Its set to auto by default but I've observed it stay around 3.5K rpm despite ANY thermal conditions whatsoever. In fact I have no idea what the purpose of auto is as it doesn't change from 3.5K at ALL. Ever. 

That being said I've set it manually via the proc filesystem to full-speed which reduced the temps by about 2 degrees or so but I've achieved 96 deg in full-speed mode as well.

Does this sound like a hardware problem? I'm assuming so. I've also had heating issues with my x60. I'm wondering if I should try an asus zenbook or something. I've had heating issues with almost every thinkpad I've ever owned. I will see about a lenevo repair shop but I doubt there are any around me.

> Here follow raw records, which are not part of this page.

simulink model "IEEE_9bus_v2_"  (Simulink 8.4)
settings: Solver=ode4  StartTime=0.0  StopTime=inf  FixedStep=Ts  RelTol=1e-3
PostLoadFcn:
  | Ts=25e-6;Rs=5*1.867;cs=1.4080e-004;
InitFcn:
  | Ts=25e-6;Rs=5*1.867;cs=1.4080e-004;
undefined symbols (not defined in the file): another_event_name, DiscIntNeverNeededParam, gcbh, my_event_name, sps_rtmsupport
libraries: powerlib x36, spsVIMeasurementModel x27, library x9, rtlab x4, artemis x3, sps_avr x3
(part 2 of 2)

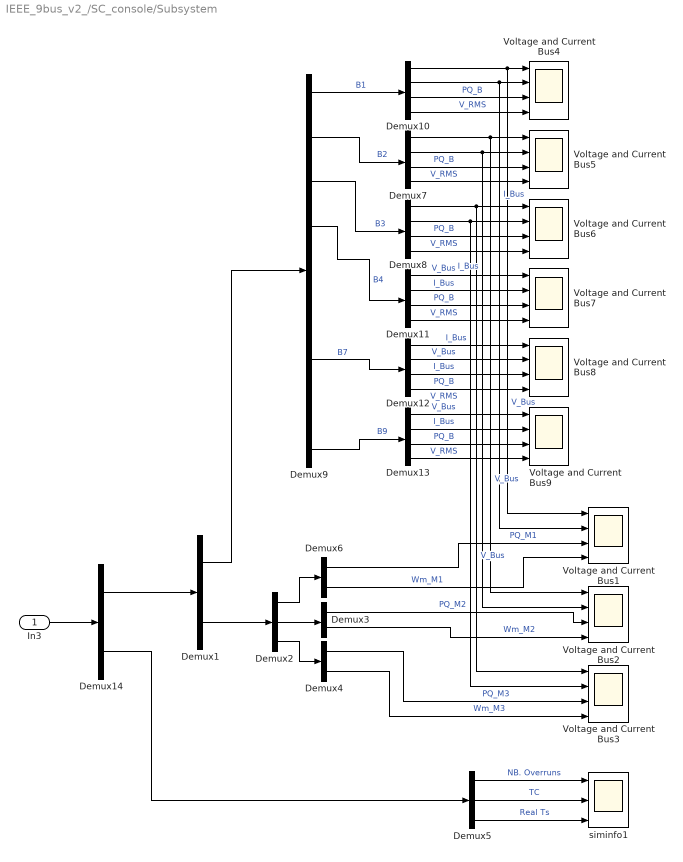
== system IEEE_9bus_v2_/SC_console/Subsystem ==
  In3 : Inport
  Demux1 : Demux  Outputs=[99 9]
  Demux{7..8,10..13} (6 alike) : Demux  Outputs=[3 3 2 3]
  Demux14 : Demux  Outputs=[108 3]
  Demux2 : Demux  Outputs=3
  Demux3 : Demux  Outputs=[2 1]
  Demux4 : Demux  Outputs=[2 1]
  Demux5 : Demux  Outputs=3
  Demux6 : Demux  Outputs=[2 1]
  Demux9 : Demux  Outputs=[11 11 11 11 11 11 11 11 11]
  Voltage and Current Bus{1..9} (9 alike) : Scope  NumInputPorts=4
      Voltage and Current Bus1 settings: TimeRange=0.1  MaxDataPoints=15000  SaveToWorkspace=off  SaveName=mach10  YMin=-1.25~-0.75~-0.5~1  YMax=1.25~0.75~0.3~1.00001  SampleTime=-1
      Voltage and Current Bus2 settings: TimeRange=0.1  MaxDataPoints=15000  SaveToWorkspace=off  SaveName=mach11  YMin=-1.25~-0.75~-0.5~1  YMax=1.25~0.75~0.3~1.00001  SampleTime=-1
      Voltage and Current Bus3 settings: TimeRange=0.1  MaxDataPoints=15000  SaveToWorkspace=off  SaveName=mach12  YMin=-1.25~-0.75~-0.5~1  YMax=1.25~0.75~0.3~1.00001  SampleTime=-1
      Voltage and Current Bus4 settings: TimeRange=0.1  LimitDataPoints=on  MaxDataPoints=15000  SaveToWorkspace=off  SaveName=mach13  YMin=-1~-0.9~-0.8~-5  YMax=1~0.9~0.5~5  SampleTime=-1
      Voltage and Current Bus5 settings: TimeRange=0.1  LimitDataPoints=on  MaxDataPoints=15000  SaveToWorkspace=off  SaveName=mach  YMin=-1~-0.9~-0.8~-5  YMax=1~0.9~0.5~5  SampleTime=-1
      Voltage and Current Bus6 settings: TimeRange=0.1  LimitDataPoints=on  MaxDataPoints=15000  SaveToWorkspace=off  SaveName=mach1  YMin=-1~-0.9~-0.8~-5  YMax=1~0.9~0.5~5  SampleTime=-1
      Voltage and Current Bus7 settings: TimeRange=0.1  LimitDataPoints=on  MaxDataPoints=15000  SaveToWorkspace=off  SaveName=mach3  YMin=-1~-0.9~-0.8~-5  YMax=1~0.9~0.5~5  SampleTime=-1
      Voltage and Current Bus8 settings: TimeRange=0.1  LimitDataPoints=on  MaxDataPoints=15000  SaveToWorkspace=off  SaveName=mach4  YMin=-1~-0.9~-0.8~-5  YMax=1~0.9~0.5~5  SampleTime=-1
      Voltage and Current Bus9 settings: TimeRange=0.1  LimitDataPoints=on  MaxDataPoints=15000  SaveToWorkspace=off  SaveName=mach5  YMin=-1~-0.9~-0.8~-5  YMax=1~0.9~0.5~5  SampleTime=-1
  siminfo1 : Scope  NumInputPorts=3
      settings: TimeRange=0.8  LimitDataPoints=on  MaxDataPoints=15000  SaveToWorkspace=off  SaveName=mach2  YMin=-1~-1~-1  YMax=1~1~1  SampleTime=-1
  wires:
  Demux5/3 -> siminfo1/3  "Real Ts"
  Demux5/1 -> siminfo1/1  "NB. Overruns"
  Demux5/2 -> siminfo1/2  "TC"
  Demux3/2 -> Voltage and Current Bus2/4  "Wm_M2"
  Demux2/1 -> Demux6/1
  Demux6/1 -> Voltage and Current Bus1/3  "PQ_M1"
  Demux1/2 -> Demux2/1
  Demux4/2 -> Voltage and Current Bus3/4  "Wm_M3"
  Demux4/1 -> Voltage and Current Bus3/3  "PQ_M3"
  Demux3/1 -> Voltage and Current Bus2/3  "PQ_M2"
  Demux2/2 -> Demux3/1
  Demux2/3 -> Demux4/1
  Demux6/2 -> Voltage and Current Bus1/4  "Wm_M1"
  Demux1/1 -> Demux9/1
  Demux9/1 -> Demux10/1  "B1"
  Demux10/1 -> Voltage and Current Bus1/1, Voltage and Current Bus4/1  "V_Bus"
  Demux10/2 -> Voltage and Current Bus1/2, Voltage and Current Bus4/2  "I_Bus"
  Demux10/3 -> Voltage and Current Bus4/3  "PQ_B"
  In3/1 -> Demux14/1
  Demux14/2 -> Demux5/1
  Demux14/1 -> Demux1/1
  Demux10/4 -> Voltage and Current Bus4/4  "V_RMS"
  Demux7/1 -> Voltage and Current Bus2/1, Voltage and Current Bus5/1  "V_Bus"
  Demux7/2 -> Voltage and Current Bus2/2, Voltage and Current Bus5/2  "I_Bus"
  Demux7/3 -> Voltage and Current Bus5/3  "PQ_B"
  Demux7/4 -> Voltage and Current Bus5/4  "V_RMS"
  Demux8/1 -> Voltage and Current Bus3/1, Voltage and Current Bus6/1  "V_Bus"
  Demux8/2 -> Voltage and Current Bus3/2, Voltage and Current Bus6/2  "I_Bus"
  Demux8/3 -> Voltage and Current Bus6/3  "PQ_B"
  Demux8/4 -> Voltage and Current Bus6/4  "V_RMS"
  Demux11/1 -> Voltage and Current Bus7/1  "V_Bus"
  Demux11/2 -> Voltage and Current Bus7/2  "I_Bus"
  Demux11/3 -> Voltage and Current Bus7/3  "PQ_B"
  Demux11/4 -> Voltage and Current Bus7/4  "V_RMS"
  Demux12/1 -> Voltage and Current Bus8/1  "V_Bus"
  Demux12/2 -> Voltage and Current Bus8/2  "I_Bus"
  Demux12/3 -> Voltage and Current Bus8/3  "PQ_B"
  Demux12/4 -> Voltage and Current Bus8/4  "V_RMS"
  Demux13/1 -> Voltage and Current Bus9/1  "V_Bus"
  Demux13/2 -> Voltage and Current Bus9/2  "I_Bus"
  Demux13/3 -> Voltage and Current Bus9/3  "PQ_B"
  Demux13/4 -> Voltage and Current Bus9/4  "V_RMS"
  Demux9/2 -> Demux7/1  "B2"
  Demux9/3 -> Demux8/1  "B3"
  Demux9/4 -> Demux11/1  "B4"
  Demux9/7 -> Demux12/1  "B7"
  Demux9/9 -> Demux13/1  "B9"

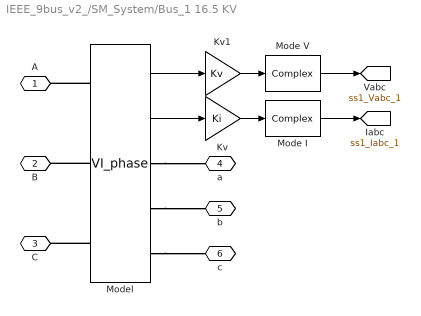
== system IEEE_9bus_v2_/SM_System/Bus_1 16.5 KV ==
  Kv : Gain  Gain=Ki  SaturateOnIntegerOverflow=on  OutDataTypeStr=Inherit: Same as input  ParamDataTypeStr=Inherit: Same as input
  Kv1 : Gain  Gain=Kv  SaturateOnIntegerOverflow=on  OutDataTypeStr=Inherit: Same as input  ParamDataTypeStr=Inherit: Same as input
  Mode I : spsVIMeasurementModel/Complex
  Mode V : spsVIMeasurementModel/Complex
  Model : spsVIMeasurementModel/VI_phase  SystemSampleTime=-1
  A : PMIOPort  Port=1  Side=Left
  B : PMIOPort  Port=2  Side=Left
  C : PMIOPort  Port=3  Side=Left
  a : PMIOPort  Port=4  Side=Right
  b : PMIOPort  Port=5  Side=Right
  c : PMIOPort  Port=6  Side=Right
  tag scope: ss1_Iabc_1=global, ss1_Vabc_1=global
  wires:
  Model/2 -> Kv/1
  Model/1 -> Kv1/1
  Kv/1 -> Mode I/1
  Kv1/1 -> Mode V/1
  Mode I/1 -> [ss1_Iabc_1]
  Mode V/1 -> [ss1_Vabc_1]
  connections:
  Model/RConn3 -- c/RConn1
  Model/RConn1 -- a/RConn1
  Model/RConn2 -- b/RConn1
  Model/LConn3 -- C/RConn1
  Model/LConn1 -- A/RConn1
  Model/LConn2 -- B/RConn1

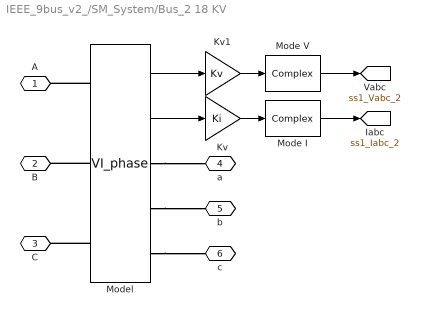
== system IEEE_9bus_v2_/SM_System/Bus_2 18 KV ==
  Kv : Gain  Gain=Ki  SaturateOnIntegerOverflow=on  OutDataTypeStr=Inherit: Same as input  ParamDataTypeStr=Inherit: Same as input
  Kv1 : Gain  Gain=Kv  SaturateOnIntegerOverflow=on  OutDataTypeStr=Inherit: Same as input  ParamDataTypeStr=Inherit: Same as input
  Mode I : spsVIMeasurementModel/Complex
  Mode V : spsVIMeasurementModel/Complex
  Model : spsVIMeasurementModel/VI_phase  SystemSampleTime=-1
  A : PMIOPort  Port=1  Side=Left
  B : PMIOPort  Port=2  Side=Left
  C : PMIOPort  Port=3  Side=Left
  a : PMIOPort  Port=4  Side=Right
  b : PMIOPort  Port=5  Side=Right
  c : PMIOPort  Port=6  Side=Right
  tag scope: ss1_Iabc_2=global, ss1_Vabc_2=global
  wires:
  Model/2 -> Kv/1
  Model/1 -> Kv1/1
  Kv/1 -> Mode I/1
  Kv1/1 -> Mode V/1
  Mode I/1 -> [ss1_Iabc_2]
  Mode V/1 -> [ss1_Vabc_2]
  connections:
  Model/RConn3 -- c/RConn1
  Model/RConn1 -- a/RConn1
  Model/RConn2 -- b/RConn1
  Model/LConn3 -- C/RConn1
  Model/LConn1 -- A/RConn1
  Model/LConn2 -- B/RConn1

== system IEEE_9bus_v2_/SM_System/Bus_3 13.8 KV ==
  Kv : Gain  Gain=Ki  SaturateOnIntegerOverflow=on  OutDataTypeStr=Inherit: Same as input  ParamDataTypeStr=Inherit: Same as input
  Kv1 : Gain  Gain=Kv  SaturateOnIntegerOverflow=on  OutDataTypeStr=Inherit: Same as input  ParamDataTypeStr=Inherit: Same as input
  Mode I : spsVIMeasurementModel/Complex
  Mode V : spsVIMeasurementModel/Complex
  Model : spsVIMeasurementModel/VI_phase  SystemSampleTime=-1
  A : PMIOPort  Port=1  Side=Left
  B : PMIOPort  Port=2  Side=Left
  C : PMIOPort  Port=3  Side=Left
  a : PMIOPort  Port=4  Side=Right
  b : PMIOPort  Port=5  Side=Right
  c : PMIOPort  Port=6  Side=Right
  tag scope: ss1_Iabc_3=global, ss1_Vabc_3=global
  wires:
  Model/2 -> Kv/1
  Model/1 -> Kv1/1
  Kv/1 -> Mode I/1
  Kv1/1 -> Mode V/1
  Mode I/1 -> [ss1_Iabc_3]
  Mode V/1 -> [ss1_Vabc_3]
  connections:
  Model/RConn3 -- c/RConn1
  Model/RConn1 -- a/RConn1
  Model/RConn2 -- b/RConn1
  Model/LConn3 -- C/RConn1
  Model/LConn1 -- A/RConn1
  Model/LConn2 -- B/RConn1

== system IEEE_9bus_v2_/SM_System/Bus_4 230 KV ==
  Kv : Gain  Gain=Ki  SaturateOnIntegerOverflow=on  OutDataTypeStr=Inherit: Same as input  ParamDataTypeStr=Inherit: Same as input
  Kv1 : Gain  Gain=Kv  SaturateOnIntegerOverflow=on  OutDataTypeStr=Inherit: Same as input  ParamDataTypeStr=Inherit: Same as input
  Mode I : spsVIMeasurementModel/Complex
  Mode V : spsVIMeasurementModel/Complex
  Model : spsVIMeasurementModel/VI_phase  SystemSampleTime=-1
  A : PMIOPort  Port=1  Side=Left
  B : PMIOPort  Port=2  Side=Left
  C : PMIOPort  Port=3  Side=Left
  a : PMIOPort  Port=4  Side=Right
  b : PMIOPort  Port=5  Side=Right
  c : PMIOPort  Port=6  Side=Right
  tag scope: ss1_Iabc_4=global, ss1_Vabc_4=global
  wires:
  Model/2 -> Kv/1
  Model/1 -> Kv1/1
  Kv/1 -> Mode I/1
  Kv1/1 -> Mode V/1
  Mode I/1 -> [ss1_Iabc_4]
  Mode V/1 -> [ss1_Vabc_4]
  connections:
  Model/RConn3 -- c/RConn1
  Model/RConn1 -- a/RConn1
  Model/RConn2 -- b/RConn1
  Model/LConn3 -- C/RConn1
  Model/LConn1 -- A/RConn1
  Model/LConn2 -- B/RConn1

== system IEEE_9bus_v2_/SM_System/Bus_5 230 KV ==
  Kv : Gain  Gain=Ki  SaturateOnIntegerOverflow=on  OutDataTypeStr=Inherit: Same as input  ParamDataTypeStr=Inherit: Same as input
  Kv1 : Gain  Gain=Kv  SaturateOnIntegerOverflow=on  OutDataTypeStr=Inherit: Same as input  ParamDataTypeStr=Inherit: Same as input
  Mode I : spsVIMeasurementModel/Complex
  Mode V : spsVIMeasurementModel/Complex
  Model : spsVIMeasurementModel/VI_phase  SystemSampleTime=-1
  A : PMIOPort  Port=1  Side=Left
  B : PMIOPort  Port=2  Side=Left
  C : PMIOPort  Port=3  Side=Left
  a : PMIOPort  Port=4  Side=Right
  b : PMIOPort  Port=5  Side=Right
  c : PMIOPort  Port=6  Side=Right
  tag scope: ss1_Iabc_5=global, ss1_Vabc_5=global
  wires:
  Model/2 -> Kv/1
  Model/1 -> Kv1/1
  Kv/1 -> Mode I/1
  Kv1/1 -> Mode V/1
  Mode I/1 -> [ss1_Iabc_5]
  Mode V/1 -> [ss1_Vabc_5]
  connections:
  Model/RConn3 -- c/RConn1
  Model/RConn1 -- a/RConn1
  Model/RConn2 -- b/RConn1
  Model/LConn3 -- C/RConn1
  Model/LConn1 -- A/RConn1
  Model/LConn2 -- B/RConn1

== system IEEE_9bus_v2_/SM_System/Bus_6 230 KV ==
  Kv : Gain  Gain=Ki  SaturateOnIntegerOverflow=on  OutDataTypeStr=Inherit: Same as input  ParamDataTypeStr=Inherit: Same as input
  Kv1 : Gain  Gain=Kv  SaturateOnIntegerOverflow=on  OutDataTypeStr=Inherit: Same as input  ParamDataTypeStr=Inherit: Same as input
  Mode I : spsVIMeasurementModel/Complex
  Mode V : spsVIMeasurementModel/Complex
  Model : spsVIMeasurementModel/VI_phase  SystemSampleTime=-1
  A : PMIOPort  Port=1  Side=Left
  B : PMIOPort  Port=2  Side=Left
  C : PMIOPort  Port=3  Side=Left
  a : PMIOPort  Port=4  Side=Right
  b : PMIOPort  Port=5  Side=Right
  c : PMIOPort  Port=6  Side=Right
  tag scope: ss1_Iabc_6=global, ss1_Vabc_6=global
  wires:
  Model/2 -> Kv/1
  Model/1 -> Kv1/1
  Kv/1 -> Mode I/1
  Kv1/1 -> Mode V/1
  Mode I/1 -> [ss1_Iabc_6]
  Mode V/1 -> [ss1_Vabc_6]
  connections:
  Model/RConn3 -- c/RConn1
  Model/RConn1 -- a/RConn1
  Model/RConn2 -- b/RConn1
  Model/LConn3 -- C/RConn1
  Model/LConn1 -- A/RConn1
  Model/LConn2 -- B/RConn1

== system IEEE_9bus_v2_/SM_System/Bus_7 230 KV  ==
  Kv : Gain  Gain=Ki  SaturateOnIntegerOverflow=on  OutDataTypeStr=Inherit: Same as input  ParamDataTypeStr=Inherit: Same as input
  Kv1 : Gain  Gain=Kv  SaturateOnIntegerOverflow=on  OutDataTypeStr=Inherit: Same as input  ParamDataTypeStr=Inherit: Same as input
  Mode I : spsVIMeasurementModel/Complex
  Mode V : spsVIMeasurementModel/Complex
  Model : spsVIMeasurementModel/VI_phase  SystemSampleTime=-1
  A : PMIOPort  Port=1  Side=Left
  B : PMIOPort  Port=2  Side=Left
  C : PMIOPort  Port=3  Side=Left
  a : PMIOPort  Port=4  Side=Right
  b : PMIOPort  Port=5  Side=Right
  c : PMIOPort  Port=6  Side=Right
  tag scope: ss1_Iabc_7=global, ss1_Vabc_7=global
  wires:
  Model/2 -> Kv/1
  Model/1 -> Kv1/1
  Kv/1 -> Mode I/1
  Kv1/1 -> Mode V/1
  Mode I/1 -> [ss1_Iabc_7]
  Mode V/1 -> [ss1_Vabc_7]
  connections:
  Model/RConn3 -- c/RConn1
  Model/RConn1 -- a/RConn1
  Model/RConn2 -- b/RConn1
  Model/LConn3 -- C/RConn1
  Model/LConn1 -- A/RConn1
  Model/LConn2 -- B/RConn1

== system IEEE_9bus_v2_/SM_System/Bus_8 230 KV ==
  Kv : Gain  Gain=Ki  SaturateOnIntegerOverflow=on  OutDataTypeStr=Inherit: Same as input  ParamDataTypeStr=Inherit: Same as input
  Kv1 : Gain  Gain=Kv  SaturateOnIntegerOverflow=on  OutDataTypeStr=Inherit: Same as input  ParamDataTypeStr=Inherit: Same as input
  Mode I : spsVIMeasurementModel/Complex
  Mode V : spsVIMeasurementModel/Complex
  Model : spsVIMeasurementModel/VI_phase  SystemSampleTime=-1
  A : PMIOPort  Port=1  Side=Left
  B : PMIOPort  Port=2  Side=Left
  C : PMIOPort  Port=3  Side=Left
  a : PMIOPort  Port=4  Side=Right
  b : PMIOPort  Port=5  Side=Right
  c : PMIOPort  Port=6  Side=Right
  tag scope: ss1_Iabc_8=global, ss1_Vabc_8=global
  wires:
  Model/2 -> Kv/1
  Model/1 -> Kv1/1
  Kv/1 -> Mode I/1
  Kv1/1 -> Mode V/1
  Mode I/1 -> [ss1_Iabc_8]
  Mode V/1 -> [ss1_Vabc_8]
  connections:
  Model/RConn3 -- c/RConn1
  Model/RConn1 -- a/RConn1
  Model/RConn2 -- b/RConn1
  Model/LConn3 -- C/RConn1
  Model/LConn1 -- A/RConn1
  Model/LConn2 -- B/RConn1

== system IEEE_9bus_v2_/SM_System/Bus_9 230 KV ==
  Kv : Gain  Gain=Ki  SaturateOnIntegerOverflow=on  OutDataTypeStr=Inherit: Same as input  ParamDataTypeStr=Inherit: Same as input
  Kv1 : Gain  Gain=Kv  SaturateOnIntegerOverflow=on  OutDataTypeStr=Inherit: Same as input  ParamDataTypeStr=Inherit: Same as input
  Mode I : spsVIMeasurementModel/Complex
  Mode V : spsVIMeasurementModel/Complex
  Model : spsVIMeasurementModel/VI_phase  SystemSampleTime=-1
  A : PMIOPort  Port=1  Side=Left
  B : PMIOPort  Port=2  Side=Left
  C : PMIOPort  Port=3  Side=Left
  a : PMIOPort  Port=4  Side=Right
  b : PMIOPort  Port=5  Side=Right
  c : PMIOPort  Port=6  Side=Right
  tag scope: ss1_Iabc_9=global, ss1_Vabc_9=global
  wires:
  Model/2 -> Kv/1
  Model/1 -> Kv1/1
  Kv/1 -> Mode I/1
  Kv1/1 -> Mode V/1
  Mode I/1 -> [ss1_Iabc_9]
  Mode V/1 -> [ss1_Vabc_9]
  connections:
  Model/RConn3 -- c/RConn1
  Model/RConn1 -- a/RConn1
  Model/RConn2 -- b/RConn1
  Model/LConn3 -- C/RConn1
  Model/LConn1 -- A/RConn1
  Model/LConn2 -- B/RConn1

== system IEEE_9bus_v2_/SM_System/Fault_Gen ==
  In1 : Inport
  Constant1 : Constant  Value=[0 0]  SampleTime=-1
  Demux4 : Demux  Outputs=[1 3 3 1 1 1 1]
  Sine Wave : Sin  Frequency=2*pi*60  SampleTime=Ts
  faultgen : Subsystem
  Fault : Outport
  Pert : Outport  Port=2
  TTigger : Outport  Port=3
  tag scope: L1=global, L2=global, L3=global, fault_type=global
  wires:
  Sine Wave/1 -> faultgen/6(pulse)
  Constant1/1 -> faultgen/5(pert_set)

At this point should I just send it over to lenovo service?

----------

## s_bernstein

FYI, I own a T410, which uses the older Nehalem Core i5 instead of the Sandy Bridge version, and my CPU temp never exceeds 75°C even under heavy load like compiling gcc with 8 threads. So, you may want to check, if the airflow is unrestricted. But otherwise, I would send it in.

----------

## Clad in Sky

If your fan speed never changes, like you say, then there seems to be something wrong. Either you forgot something in your install or some internal sensor does not work correctly. What happens when you run a live environment (like Knoppix, Mint, Ubuntu, or whatever else there is)?

----------

## toralf

again : I doubt, that the intel-pstate is ready for production.

----------

## PaulBredbury

 *alphis wrote:*   

> What are my options?

 

Undervolt the CPU, for starters - everyone should do this, especially with laptops.

Also see post.

----------

## alphis

I've taken the advice regarding checking airflow and used some compressed air on the heat sink fan and now my temps average 43 C! I didn't realize how much that mattered but it seems to have solved the issue. I've reloaded that content heavy site again with no problems as well. So thanks for all your suggestions.

Side note I added fan speed to the list of outputs on my screen so I could see if it ever changed and it does indeed change a bit. It stays around 1.5K at 38ish and 3.5K at higher temps. I'm just glad it actually does something. I am still using the intel pstate driver in powersave mode atm but its looking good.

I will be sure to clean out the fan of my laptops every month or so from now on.

Thanks all!

----------